December 30, 2011

  • Why devaluation hurts the middle class more...

    Currency devaluation has been used by many nations to deal with trade deficits and sovereign debt.  If the denomination of debt is in currency x, if currency x is devalued, then it can pay back x in inflated terms, thus reducing its effective debt.

    However, this disproportionately hurts the middle class - and in the middle class, I'm basically including all wage-earners - wage, not people who make their money in trading equities, or own large companies. 

    Helps:
    People in massive debt.  Their debt is now worth less.  They are less in the red.  These people spent too much/borrowed too much, and the devaluation helps.

    Neutral to negative:

    Business owners.  There is a negative effect, but inflation forces them to raise prices, changing the transactional amounts, so their business re-scales to the new inflated/devalued currency.

    Neutral to positive:

    mutlinational businesses

    Locally, they can slowly raise wages to new inflated terms (lowering costs temporarily).  Internationally, they become more competitive with better margins temporarily, bringing in revenues in non-devalued currency.
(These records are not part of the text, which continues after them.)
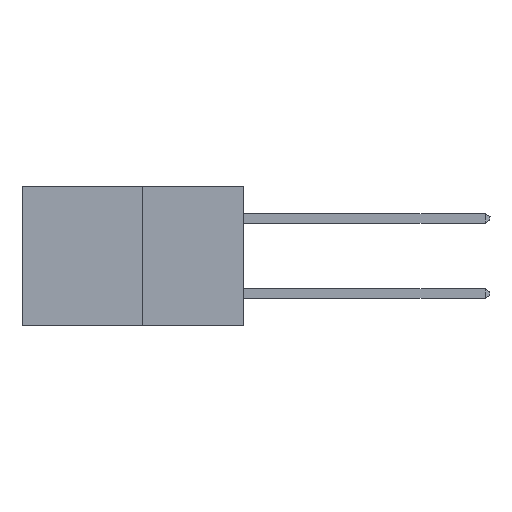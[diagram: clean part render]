
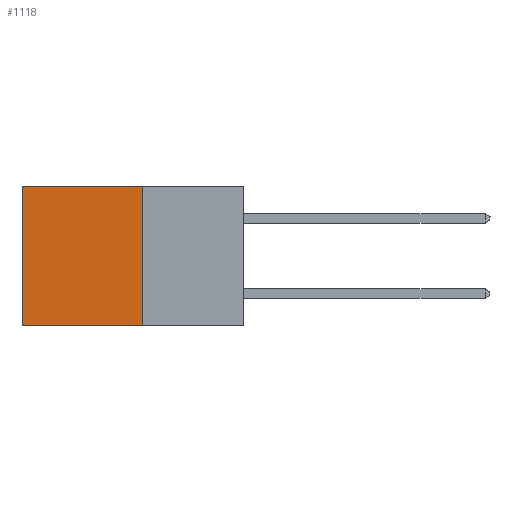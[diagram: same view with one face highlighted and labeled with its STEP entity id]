
A CAD part, left-side view. The second image highlights one B-rep face of the part: STEP entity #1118.
In plain terms, the highlighted planar face has unit normal (-1, 0, 0).
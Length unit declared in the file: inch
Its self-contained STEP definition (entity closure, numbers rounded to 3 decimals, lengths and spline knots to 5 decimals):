
#1118 = ADVANCED_FACE ( 'NONE', ( #11614 ), #6806, .F. ) ;
#1369 = CARTESIAN_POINT ( 'NONE',  ( 0.277, 0.59, 0. ) ) ;
#1499 = LINE ( 'NONE', #8613, #7616 ) ;
#2094 = CARTESIAN_POINT ( 'NONE',  ( 0.277, 0.27, -0.37 ) ) ;
#2367 = EDGE_CURVE ( 'NONE', #12456, #8845, #12649, .T. ) ;
#3027 = VERTEX_POINT ( 'NONE', #9608 ) ;
#3429 = EDGE_LOOP ( 'NONE', ( #12868, #10131, #4240, #6763 ) ) ;
#4240 = ORIENTED_EDGE ( 'NONE', *, *, #8677, .F. ) ;
#5616 = CARTESIAN_POINT ( 'NONE',  ( 0.277, 0.27, 0. ) ) ;
#6343 = VECTOR ( 'NONE', #6743, 39.37008 ) ;
#6712 = CARTESIAN_POINT ( 'NONE',  ( 0.277, 0.59, -0.37 ) ) ;
#6743 = DIRECTION ( 'NONE',  ( 0., 0., -1. ) ) ;
#6763 = ORIENTED_EDGE ( 'NONE', *, *, #11506, .T. ) ;
#6806 = PLANE ( 'NONE',  #7226 ) ;
#7226 = AXIS2_PLACEMENT_3D ( 'NONE', #14005, #12664, #12622 ) ;
#7481 = EDGE_CURVE ( 'NONE', #10975, #8845, #1499, .T. ) ;
#7567 = DIRECTION ( 'NONE',  ( 0., 1., 0. ) ) ;
#7616 = VECTOR ( 'NONE', #7567, 39.37008 ) ;
#8251 = VECTOR ( 'NONE', #13890, 39.37008 ) ;
#8613 = CARTESIAN_POINT ( 'NONE',  ( 0.277, 0.27, -0.37 ) ) ;
#8677 = EDGE_CURVE ( 'NONE', #3027, #10975, #13150, .T. ) ;
#8845 = VERTEX_POINT ( 'NONE', #10718 ) ;
#9608 = CARTESIAN_POINT ( 'NONE',  ( 0.277, 0.27, 0. ) ) ;
#10131 = ORIENTED_EDGE ( 'NONE', *, *, #7481, .F. ) ;
#10248 = DIRECTION ( 'NONE',  ( 0., 0., -1. ) ) ;
#10718 = CARTESIAN_POINT ( 'NONE',  ( 0.277, 0.59, -0.37 ) ) ;
#10975 = VERTEX_POINT ( 'NONE', #12938 ) ;
#11506 = EDGE_CURVE ( 'NONE', #3027, #12456, #14191, .T. ) ;
#11614 = FACE_OUTER_BOUND ( 'NONE', #3429, .T. ) ;
#12456 = VERTEX_POINT ( 'NONE', #1369 ) ;
#12622 = DIRECTION ( 'NONE',  ( 0., 0., -1. ) ) ;
#12649 = LINE ( 'NONE', #6712, #6343 ) ;
#12664 = DIRECTION ( 'NONE',  ( 1., 0., 0. ) ) ;
#12868 = ORIENTED_EDGE ( 'NONE', *, *, #2367, .T. ) ;
#12938 = CARTESIAN_POINT ( 'NONE',  ( 0.277, 0.27, -0.37 ) ) ;
#13150 = LINE ( 'NONE', #2094, #14792 ) ;
#13890 = DIRECTION ( 'NONE',  ( 0., 1., 0. ) ) ;
#14005 = CARTESIAN_POINT ( 'NONE',  ( 0.277, 0.27, -0.37 ) ) ;
#14191 = LINE ( 'NONE', #5616, #8251 ) ;
#14792 = VECTOR ( 'NONE', #10248, 39.37008 ) ;

    Local cash reserves are devalued, but this may be offset in the medium to long term by continuing to do business, and recalibrating sale prices accordingly.

    Neutral

    Equity owners, non-ceo

    People who trade stocks end up with greater liquidity in the markets eventually - devalued currency means, eventually higher stock prices - as the equities re-calibrate to reflect inflated currency.

    Hurts:

    Wage earners with savings.  Savings are devalued, wages are devalued.  Wages will slowly go to new norms.

    Hurts most:

    Retirees or people at the end of their working lives.  Savings devalued, no more time to earn more wages - will not experience wage recalibration.